Article 9.1 obligates developed countries to provide climate finance to developing nations. India invoked it to demand a structured 3-year work programme ensuring developed countries fulfil this legally binding commitment at COP30 Belém.
What is the NCQG and what were the key figures under negotiation at COP30?
NCQG (New Collective Quantified Goal) is the post-2025 climate finance target replacing $100B/yr. At COP30, negotiations focused on a $300B/year floor by 2035 with a broader $1.3 trillion goal from all sources.
What is the CBDR principle and how did India apply it at COP30?
CBDR (Common But Differentiated Responsibilities) holds that while all nations share climate responsibility, developed nations bear greater obligations due to historical emissions. India used it to demand that the NCQG be funded by developed countries through grants, not loans.
Why did India reject loans as a valid form of climate finance?
India argued that loans add to the debt burden of developing nations and do not represent genuine climate finance.
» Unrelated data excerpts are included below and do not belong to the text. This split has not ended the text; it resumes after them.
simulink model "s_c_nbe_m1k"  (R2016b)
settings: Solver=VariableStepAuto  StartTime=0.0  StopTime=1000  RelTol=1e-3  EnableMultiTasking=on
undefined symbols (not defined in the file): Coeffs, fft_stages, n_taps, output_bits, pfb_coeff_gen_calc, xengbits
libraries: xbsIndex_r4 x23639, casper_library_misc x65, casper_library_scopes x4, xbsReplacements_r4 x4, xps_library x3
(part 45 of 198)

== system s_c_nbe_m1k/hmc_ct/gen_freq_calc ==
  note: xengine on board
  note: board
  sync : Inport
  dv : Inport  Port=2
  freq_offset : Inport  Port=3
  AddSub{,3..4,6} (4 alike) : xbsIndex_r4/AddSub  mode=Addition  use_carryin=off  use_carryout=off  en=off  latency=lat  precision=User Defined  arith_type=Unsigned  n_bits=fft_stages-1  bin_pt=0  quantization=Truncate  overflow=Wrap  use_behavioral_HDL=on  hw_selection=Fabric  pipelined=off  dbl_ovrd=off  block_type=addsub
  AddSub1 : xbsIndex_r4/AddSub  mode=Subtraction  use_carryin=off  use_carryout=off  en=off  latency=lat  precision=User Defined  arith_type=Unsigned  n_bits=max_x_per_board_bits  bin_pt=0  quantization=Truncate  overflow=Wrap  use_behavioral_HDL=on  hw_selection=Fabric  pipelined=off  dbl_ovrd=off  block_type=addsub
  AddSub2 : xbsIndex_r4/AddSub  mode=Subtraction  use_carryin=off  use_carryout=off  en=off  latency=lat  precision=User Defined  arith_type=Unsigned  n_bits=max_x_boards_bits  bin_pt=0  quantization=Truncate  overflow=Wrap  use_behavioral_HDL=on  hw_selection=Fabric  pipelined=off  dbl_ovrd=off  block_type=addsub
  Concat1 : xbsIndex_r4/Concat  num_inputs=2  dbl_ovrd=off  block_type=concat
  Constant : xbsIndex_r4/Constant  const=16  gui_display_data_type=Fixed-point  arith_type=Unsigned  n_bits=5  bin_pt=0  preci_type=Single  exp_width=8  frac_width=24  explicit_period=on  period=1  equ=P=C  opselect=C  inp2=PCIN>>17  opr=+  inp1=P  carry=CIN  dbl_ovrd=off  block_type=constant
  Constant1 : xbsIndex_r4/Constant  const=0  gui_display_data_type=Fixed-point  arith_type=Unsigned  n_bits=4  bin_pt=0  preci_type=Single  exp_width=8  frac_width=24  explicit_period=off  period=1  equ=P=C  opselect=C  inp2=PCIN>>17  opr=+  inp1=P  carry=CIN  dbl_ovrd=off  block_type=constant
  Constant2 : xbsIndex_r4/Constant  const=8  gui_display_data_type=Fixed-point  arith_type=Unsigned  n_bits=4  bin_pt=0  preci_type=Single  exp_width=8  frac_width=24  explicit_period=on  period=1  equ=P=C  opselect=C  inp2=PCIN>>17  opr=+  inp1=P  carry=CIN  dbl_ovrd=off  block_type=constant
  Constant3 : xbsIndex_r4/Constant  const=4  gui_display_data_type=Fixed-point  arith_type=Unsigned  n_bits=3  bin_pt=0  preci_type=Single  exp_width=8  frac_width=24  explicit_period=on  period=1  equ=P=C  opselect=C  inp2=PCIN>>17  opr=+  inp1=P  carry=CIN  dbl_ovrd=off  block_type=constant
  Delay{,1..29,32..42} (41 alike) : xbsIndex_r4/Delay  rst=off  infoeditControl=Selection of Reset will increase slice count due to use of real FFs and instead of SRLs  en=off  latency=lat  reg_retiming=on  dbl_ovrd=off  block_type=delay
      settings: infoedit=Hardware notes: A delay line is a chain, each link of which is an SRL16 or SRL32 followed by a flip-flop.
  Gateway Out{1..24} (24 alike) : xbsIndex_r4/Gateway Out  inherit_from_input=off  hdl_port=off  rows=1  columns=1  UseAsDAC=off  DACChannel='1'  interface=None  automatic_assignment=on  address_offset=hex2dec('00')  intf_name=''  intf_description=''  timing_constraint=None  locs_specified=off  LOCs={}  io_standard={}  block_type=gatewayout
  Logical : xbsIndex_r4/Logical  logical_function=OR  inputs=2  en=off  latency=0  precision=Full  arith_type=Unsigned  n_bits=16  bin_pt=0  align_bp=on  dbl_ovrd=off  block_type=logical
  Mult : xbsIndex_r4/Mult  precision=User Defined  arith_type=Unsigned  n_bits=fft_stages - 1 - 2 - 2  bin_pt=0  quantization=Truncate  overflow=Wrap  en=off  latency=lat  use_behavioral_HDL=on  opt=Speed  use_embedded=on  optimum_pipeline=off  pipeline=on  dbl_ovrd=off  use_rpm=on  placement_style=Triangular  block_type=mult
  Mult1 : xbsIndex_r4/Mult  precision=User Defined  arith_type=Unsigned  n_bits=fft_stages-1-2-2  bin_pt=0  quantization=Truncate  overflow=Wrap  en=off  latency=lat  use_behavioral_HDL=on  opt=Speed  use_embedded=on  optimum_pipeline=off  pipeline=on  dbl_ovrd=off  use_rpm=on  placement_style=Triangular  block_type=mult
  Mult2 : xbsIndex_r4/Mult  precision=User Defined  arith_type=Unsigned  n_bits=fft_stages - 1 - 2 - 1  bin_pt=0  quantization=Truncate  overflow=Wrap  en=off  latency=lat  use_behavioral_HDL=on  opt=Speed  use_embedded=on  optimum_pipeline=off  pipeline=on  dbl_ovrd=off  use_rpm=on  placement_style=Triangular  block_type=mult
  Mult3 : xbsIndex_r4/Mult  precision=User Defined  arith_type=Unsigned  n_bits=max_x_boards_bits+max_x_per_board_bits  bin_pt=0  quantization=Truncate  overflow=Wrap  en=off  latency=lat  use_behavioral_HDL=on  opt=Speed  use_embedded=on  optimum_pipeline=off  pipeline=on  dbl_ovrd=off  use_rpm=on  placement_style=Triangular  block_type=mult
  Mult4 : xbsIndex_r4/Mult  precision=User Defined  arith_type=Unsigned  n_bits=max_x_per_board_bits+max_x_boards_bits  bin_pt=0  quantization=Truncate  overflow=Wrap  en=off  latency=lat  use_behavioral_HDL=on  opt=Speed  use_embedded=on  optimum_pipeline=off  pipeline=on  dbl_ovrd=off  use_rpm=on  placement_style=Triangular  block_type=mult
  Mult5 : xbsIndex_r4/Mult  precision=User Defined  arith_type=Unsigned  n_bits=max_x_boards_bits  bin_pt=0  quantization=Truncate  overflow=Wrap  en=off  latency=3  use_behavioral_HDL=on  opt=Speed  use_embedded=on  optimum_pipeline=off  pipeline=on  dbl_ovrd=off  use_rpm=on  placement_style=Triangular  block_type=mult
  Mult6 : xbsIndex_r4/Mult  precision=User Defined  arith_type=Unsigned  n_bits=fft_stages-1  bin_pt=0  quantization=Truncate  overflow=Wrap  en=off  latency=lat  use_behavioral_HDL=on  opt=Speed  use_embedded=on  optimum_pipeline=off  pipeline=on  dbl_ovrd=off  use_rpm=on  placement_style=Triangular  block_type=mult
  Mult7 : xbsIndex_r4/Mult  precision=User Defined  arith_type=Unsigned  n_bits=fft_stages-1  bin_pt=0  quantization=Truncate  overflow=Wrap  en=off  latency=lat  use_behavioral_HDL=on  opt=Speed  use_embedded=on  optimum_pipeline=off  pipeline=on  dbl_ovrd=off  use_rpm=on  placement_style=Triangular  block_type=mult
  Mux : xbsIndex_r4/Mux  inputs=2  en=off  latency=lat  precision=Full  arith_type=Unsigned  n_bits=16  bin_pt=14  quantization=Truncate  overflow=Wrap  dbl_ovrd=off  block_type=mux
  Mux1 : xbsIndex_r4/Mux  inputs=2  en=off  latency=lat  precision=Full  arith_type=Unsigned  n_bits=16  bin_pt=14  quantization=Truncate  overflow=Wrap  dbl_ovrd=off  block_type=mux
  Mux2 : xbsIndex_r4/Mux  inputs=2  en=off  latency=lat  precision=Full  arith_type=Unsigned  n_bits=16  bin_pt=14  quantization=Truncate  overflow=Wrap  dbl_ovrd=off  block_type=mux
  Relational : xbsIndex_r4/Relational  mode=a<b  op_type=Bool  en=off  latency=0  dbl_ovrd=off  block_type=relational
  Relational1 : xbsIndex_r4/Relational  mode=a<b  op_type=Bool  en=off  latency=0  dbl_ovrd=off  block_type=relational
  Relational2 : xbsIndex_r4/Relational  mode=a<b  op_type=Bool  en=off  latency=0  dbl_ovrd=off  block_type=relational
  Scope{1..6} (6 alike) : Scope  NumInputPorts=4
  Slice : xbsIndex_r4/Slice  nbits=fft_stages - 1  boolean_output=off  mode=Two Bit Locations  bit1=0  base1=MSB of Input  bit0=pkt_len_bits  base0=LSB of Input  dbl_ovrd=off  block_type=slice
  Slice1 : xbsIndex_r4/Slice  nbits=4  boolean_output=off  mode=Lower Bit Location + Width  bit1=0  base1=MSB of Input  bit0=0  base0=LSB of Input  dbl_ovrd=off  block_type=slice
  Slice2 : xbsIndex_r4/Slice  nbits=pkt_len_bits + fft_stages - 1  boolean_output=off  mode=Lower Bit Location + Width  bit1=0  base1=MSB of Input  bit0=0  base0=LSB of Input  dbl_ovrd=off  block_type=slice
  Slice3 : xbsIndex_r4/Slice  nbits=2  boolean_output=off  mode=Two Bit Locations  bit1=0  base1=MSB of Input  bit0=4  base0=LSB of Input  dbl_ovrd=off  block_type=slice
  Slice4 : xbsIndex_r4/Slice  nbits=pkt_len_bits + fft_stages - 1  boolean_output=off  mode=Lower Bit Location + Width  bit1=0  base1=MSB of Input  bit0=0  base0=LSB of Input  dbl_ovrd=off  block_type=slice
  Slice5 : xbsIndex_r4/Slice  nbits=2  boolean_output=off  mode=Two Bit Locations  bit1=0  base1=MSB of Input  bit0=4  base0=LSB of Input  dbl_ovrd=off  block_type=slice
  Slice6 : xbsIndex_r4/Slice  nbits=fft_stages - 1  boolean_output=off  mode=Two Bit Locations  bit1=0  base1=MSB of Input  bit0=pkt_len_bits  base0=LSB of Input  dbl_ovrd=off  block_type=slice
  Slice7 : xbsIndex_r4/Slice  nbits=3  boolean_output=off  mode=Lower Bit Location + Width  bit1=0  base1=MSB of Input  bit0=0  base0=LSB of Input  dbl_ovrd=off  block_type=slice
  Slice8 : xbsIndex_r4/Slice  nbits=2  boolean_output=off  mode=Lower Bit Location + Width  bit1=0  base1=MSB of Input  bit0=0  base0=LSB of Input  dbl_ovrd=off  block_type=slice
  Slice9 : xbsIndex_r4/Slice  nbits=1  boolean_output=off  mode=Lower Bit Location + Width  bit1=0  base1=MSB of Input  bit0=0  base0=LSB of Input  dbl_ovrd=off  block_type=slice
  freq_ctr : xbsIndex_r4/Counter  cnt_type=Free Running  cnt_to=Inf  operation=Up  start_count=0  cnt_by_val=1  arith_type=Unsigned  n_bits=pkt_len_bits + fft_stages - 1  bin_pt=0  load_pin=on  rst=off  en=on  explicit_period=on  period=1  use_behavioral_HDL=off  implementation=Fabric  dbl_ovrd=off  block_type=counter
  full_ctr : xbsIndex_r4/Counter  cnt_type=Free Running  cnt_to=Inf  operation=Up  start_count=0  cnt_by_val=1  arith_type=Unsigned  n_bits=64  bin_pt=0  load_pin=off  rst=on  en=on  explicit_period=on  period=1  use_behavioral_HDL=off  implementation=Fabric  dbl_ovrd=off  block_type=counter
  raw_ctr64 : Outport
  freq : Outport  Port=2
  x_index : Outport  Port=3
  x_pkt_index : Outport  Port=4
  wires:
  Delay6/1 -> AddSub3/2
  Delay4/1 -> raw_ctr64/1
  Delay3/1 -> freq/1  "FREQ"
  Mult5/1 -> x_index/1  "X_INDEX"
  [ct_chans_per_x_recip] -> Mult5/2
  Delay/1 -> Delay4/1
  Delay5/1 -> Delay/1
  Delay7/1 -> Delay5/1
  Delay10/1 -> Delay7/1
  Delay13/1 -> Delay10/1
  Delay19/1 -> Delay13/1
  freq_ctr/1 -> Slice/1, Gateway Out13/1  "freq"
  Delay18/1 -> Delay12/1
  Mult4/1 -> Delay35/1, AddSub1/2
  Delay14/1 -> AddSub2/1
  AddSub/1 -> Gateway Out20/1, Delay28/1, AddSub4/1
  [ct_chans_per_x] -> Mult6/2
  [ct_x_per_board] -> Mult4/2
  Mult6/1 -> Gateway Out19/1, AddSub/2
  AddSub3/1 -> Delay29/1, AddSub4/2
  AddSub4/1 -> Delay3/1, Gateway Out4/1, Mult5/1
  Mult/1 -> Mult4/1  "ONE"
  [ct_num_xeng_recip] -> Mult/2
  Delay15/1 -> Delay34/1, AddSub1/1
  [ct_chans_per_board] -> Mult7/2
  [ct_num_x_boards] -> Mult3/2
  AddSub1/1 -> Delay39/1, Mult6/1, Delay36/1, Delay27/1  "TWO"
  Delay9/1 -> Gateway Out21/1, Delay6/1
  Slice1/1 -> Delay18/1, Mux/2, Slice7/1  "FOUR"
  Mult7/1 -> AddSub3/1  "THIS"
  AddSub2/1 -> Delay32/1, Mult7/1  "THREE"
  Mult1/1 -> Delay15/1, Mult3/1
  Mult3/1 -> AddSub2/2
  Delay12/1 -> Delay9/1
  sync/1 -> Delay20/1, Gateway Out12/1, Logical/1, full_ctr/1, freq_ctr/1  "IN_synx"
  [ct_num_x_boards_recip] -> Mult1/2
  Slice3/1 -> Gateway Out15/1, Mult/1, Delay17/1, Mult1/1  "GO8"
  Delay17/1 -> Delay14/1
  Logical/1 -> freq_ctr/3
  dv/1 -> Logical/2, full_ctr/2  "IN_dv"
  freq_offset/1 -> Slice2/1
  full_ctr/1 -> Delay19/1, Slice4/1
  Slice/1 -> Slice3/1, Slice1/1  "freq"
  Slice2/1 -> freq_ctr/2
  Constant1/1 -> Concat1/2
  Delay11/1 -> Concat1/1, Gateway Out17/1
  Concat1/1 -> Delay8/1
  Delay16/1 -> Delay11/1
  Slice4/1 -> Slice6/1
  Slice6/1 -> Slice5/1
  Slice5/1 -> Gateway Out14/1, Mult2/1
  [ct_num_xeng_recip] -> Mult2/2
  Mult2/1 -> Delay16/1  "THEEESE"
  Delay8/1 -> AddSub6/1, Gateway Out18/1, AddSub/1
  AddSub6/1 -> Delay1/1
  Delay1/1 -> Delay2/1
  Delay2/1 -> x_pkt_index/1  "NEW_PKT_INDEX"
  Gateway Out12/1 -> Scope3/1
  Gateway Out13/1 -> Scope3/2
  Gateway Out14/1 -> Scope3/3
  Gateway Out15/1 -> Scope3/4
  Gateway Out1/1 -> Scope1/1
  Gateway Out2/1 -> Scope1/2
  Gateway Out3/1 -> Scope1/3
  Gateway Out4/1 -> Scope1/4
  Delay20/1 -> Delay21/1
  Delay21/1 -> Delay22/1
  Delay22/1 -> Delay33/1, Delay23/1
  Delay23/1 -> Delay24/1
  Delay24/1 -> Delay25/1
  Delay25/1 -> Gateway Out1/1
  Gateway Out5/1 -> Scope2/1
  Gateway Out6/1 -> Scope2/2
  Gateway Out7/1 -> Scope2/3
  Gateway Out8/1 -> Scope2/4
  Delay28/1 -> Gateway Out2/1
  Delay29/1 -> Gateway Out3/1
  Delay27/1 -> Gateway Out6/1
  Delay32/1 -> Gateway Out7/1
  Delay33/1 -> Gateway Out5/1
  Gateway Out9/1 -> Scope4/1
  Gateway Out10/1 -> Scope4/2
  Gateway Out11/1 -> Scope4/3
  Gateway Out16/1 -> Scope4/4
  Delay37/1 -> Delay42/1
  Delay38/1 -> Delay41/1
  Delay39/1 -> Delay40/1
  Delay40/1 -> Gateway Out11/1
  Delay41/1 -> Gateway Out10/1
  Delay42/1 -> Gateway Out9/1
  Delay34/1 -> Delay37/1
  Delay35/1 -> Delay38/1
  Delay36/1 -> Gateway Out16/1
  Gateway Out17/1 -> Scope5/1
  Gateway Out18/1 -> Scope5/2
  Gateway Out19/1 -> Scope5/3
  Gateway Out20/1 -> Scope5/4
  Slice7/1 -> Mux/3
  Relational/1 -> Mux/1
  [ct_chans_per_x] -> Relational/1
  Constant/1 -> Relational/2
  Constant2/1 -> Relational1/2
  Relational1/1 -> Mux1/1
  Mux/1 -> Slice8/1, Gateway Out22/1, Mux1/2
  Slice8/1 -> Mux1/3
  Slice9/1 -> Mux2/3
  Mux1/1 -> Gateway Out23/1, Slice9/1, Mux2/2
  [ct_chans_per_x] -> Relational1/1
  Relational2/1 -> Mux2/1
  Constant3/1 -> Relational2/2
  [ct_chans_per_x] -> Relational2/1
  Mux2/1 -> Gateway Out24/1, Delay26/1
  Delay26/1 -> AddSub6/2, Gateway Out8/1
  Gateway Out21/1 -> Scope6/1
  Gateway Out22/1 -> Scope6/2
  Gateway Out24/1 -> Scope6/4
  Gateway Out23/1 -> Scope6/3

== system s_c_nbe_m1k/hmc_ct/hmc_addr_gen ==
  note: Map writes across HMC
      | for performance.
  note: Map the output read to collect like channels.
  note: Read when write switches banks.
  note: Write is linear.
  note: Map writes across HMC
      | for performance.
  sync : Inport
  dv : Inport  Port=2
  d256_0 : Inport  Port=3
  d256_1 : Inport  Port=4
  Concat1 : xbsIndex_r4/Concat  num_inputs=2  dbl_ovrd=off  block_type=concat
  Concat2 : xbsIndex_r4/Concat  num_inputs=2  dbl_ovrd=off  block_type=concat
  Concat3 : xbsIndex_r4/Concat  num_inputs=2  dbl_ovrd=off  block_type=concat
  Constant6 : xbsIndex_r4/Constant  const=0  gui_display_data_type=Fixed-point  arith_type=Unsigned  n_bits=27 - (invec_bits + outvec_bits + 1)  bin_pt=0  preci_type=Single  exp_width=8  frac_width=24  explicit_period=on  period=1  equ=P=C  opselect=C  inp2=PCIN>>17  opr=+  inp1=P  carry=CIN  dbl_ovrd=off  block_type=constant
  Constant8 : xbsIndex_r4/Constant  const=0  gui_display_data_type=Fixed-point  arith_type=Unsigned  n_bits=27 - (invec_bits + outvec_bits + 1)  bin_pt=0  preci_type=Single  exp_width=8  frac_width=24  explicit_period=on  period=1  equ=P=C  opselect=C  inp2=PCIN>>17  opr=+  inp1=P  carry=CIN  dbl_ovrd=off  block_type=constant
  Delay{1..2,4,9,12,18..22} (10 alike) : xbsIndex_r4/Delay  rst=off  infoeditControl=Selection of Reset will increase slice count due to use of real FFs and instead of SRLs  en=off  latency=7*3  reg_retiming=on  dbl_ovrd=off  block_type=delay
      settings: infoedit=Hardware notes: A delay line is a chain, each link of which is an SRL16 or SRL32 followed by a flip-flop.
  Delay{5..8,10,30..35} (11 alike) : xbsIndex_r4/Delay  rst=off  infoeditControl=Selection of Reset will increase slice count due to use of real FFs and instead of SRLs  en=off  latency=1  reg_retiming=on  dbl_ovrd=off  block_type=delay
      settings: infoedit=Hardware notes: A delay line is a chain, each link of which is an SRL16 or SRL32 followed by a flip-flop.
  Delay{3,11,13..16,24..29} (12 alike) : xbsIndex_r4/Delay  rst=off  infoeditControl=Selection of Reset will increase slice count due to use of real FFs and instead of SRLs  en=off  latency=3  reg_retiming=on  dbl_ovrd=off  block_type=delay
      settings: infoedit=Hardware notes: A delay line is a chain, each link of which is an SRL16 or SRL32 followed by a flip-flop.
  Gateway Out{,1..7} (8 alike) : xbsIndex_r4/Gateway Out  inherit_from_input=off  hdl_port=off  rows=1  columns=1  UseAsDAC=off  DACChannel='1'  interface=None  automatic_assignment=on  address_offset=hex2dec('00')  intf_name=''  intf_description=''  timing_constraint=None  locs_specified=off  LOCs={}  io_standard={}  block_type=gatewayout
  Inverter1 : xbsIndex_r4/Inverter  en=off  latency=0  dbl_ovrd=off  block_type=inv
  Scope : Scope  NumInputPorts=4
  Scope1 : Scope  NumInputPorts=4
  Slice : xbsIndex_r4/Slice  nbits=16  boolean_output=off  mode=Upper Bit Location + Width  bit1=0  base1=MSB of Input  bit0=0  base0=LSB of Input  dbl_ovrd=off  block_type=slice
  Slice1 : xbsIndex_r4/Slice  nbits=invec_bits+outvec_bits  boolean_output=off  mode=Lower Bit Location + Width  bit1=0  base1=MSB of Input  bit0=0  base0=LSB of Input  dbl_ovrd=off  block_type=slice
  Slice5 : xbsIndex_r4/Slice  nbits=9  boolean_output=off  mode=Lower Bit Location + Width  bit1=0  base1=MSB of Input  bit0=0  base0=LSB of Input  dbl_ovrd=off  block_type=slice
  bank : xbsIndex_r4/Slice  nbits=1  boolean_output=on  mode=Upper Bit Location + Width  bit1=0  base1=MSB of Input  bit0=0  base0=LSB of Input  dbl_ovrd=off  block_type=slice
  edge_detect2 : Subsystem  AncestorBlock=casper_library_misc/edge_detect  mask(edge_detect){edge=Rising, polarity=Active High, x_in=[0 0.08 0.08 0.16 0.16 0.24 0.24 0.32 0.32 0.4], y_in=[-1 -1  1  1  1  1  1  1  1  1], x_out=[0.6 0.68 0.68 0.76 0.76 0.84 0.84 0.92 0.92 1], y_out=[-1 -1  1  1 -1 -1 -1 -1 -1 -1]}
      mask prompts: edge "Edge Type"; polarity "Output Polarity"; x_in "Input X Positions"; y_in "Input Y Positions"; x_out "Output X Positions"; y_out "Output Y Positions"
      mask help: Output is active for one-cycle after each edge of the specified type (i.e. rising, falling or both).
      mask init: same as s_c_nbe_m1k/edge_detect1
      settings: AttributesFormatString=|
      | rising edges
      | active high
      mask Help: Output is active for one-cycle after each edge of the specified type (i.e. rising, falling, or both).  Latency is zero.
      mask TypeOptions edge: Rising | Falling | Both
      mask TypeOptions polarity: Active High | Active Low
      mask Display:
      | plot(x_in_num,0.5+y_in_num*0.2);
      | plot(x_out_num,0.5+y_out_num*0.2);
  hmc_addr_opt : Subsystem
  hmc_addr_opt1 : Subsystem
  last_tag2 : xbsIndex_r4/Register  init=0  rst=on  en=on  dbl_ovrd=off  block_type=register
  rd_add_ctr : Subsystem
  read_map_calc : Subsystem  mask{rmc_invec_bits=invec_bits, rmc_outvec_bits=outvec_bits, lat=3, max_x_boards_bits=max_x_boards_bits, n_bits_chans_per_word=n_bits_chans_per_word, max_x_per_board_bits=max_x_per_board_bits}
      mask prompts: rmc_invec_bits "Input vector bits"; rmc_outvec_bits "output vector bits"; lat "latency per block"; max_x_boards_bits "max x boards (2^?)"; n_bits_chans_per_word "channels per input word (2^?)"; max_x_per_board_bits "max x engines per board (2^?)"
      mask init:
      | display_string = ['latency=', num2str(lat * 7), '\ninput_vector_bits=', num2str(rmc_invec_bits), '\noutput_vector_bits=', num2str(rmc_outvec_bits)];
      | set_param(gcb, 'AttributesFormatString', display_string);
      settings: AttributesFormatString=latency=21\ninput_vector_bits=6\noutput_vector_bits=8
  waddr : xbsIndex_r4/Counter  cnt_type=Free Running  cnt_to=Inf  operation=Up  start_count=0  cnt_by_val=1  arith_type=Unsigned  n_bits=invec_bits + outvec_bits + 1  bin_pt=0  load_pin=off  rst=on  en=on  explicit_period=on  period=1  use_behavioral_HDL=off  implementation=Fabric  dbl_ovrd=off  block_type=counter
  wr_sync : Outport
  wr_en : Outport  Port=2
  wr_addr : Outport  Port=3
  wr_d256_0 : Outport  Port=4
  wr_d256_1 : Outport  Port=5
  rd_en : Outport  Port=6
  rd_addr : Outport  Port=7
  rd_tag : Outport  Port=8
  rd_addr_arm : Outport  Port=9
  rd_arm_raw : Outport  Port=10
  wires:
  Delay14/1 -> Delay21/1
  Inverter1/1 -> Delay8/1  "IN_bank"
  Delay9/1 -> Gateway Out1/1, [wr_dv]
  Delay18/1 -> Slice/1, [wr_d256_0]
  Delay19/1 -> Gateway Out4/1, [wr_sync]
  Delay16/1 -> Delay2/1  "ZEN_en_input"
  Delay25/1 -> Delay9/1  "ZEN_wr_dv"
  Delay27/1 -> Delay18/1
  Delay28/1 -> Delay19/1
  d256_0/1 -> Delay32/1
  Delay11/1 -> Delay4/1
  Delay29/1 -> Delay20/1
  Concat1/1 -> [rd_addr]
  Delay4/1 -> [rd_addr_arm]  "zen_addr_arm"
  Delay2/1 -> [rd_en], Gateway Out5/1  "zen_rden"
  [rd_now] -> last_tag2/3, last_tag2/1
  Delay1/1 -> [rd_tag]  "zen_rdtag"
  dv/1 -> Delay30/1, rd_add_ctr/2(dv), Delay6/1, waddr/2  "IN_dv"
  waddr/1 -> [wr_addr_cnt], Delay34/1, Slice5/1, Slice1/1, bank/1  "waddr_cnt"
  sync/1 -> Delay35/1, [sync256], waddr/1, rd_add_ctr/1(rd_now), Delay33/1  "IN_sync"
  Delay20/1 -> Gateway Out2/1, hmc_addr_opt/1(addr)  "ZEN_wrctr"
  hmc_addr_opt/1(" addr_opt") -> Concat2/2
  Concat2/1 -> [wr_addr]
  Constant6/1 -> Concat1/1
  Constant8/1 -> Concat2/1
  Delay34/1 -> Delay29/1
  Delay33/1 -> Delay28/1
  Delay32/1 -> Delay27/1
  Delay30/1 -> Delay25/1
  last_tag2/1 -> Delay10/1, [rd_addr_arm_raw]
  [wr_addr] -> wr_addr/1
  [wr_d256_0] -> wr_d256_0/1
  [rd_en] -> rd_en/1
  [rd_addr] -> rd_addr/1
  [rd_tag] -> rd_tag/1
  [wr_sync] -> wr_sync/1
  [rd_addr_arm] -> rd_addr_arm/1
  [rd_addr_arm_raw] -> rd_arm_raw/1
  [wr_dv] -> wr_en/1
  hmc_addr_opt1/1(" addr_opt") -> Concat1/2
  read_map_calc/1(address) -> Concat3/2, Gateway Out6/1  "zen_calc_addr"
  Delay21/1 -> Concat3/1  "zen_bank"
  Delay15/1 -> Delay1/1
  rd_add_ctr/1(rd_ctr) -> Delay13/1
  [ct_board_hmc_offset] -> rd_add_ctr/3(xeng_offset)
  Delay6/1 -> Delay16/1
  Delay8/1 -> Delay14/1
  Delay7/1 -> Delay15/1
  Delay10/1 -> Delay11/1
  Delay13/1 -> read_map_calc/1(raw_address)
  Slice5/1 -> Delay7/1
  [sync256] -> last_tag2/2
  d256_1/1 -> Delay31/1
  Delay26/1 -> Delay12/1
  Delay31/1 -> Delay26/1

Any NCQG outcome must prioritise grant-based and concessional finance to support real adaptation and mitigation.
What is the LMDC bloc at UNFCCC negotiations?
LMDCs (Like-Minded Developing Countries) is a negotiating bloc that includes India, China, Bolivia, Cuba, and others. They collectively push for climate equity, historical responsibility of developed nations, and adequate public finance for the Global South.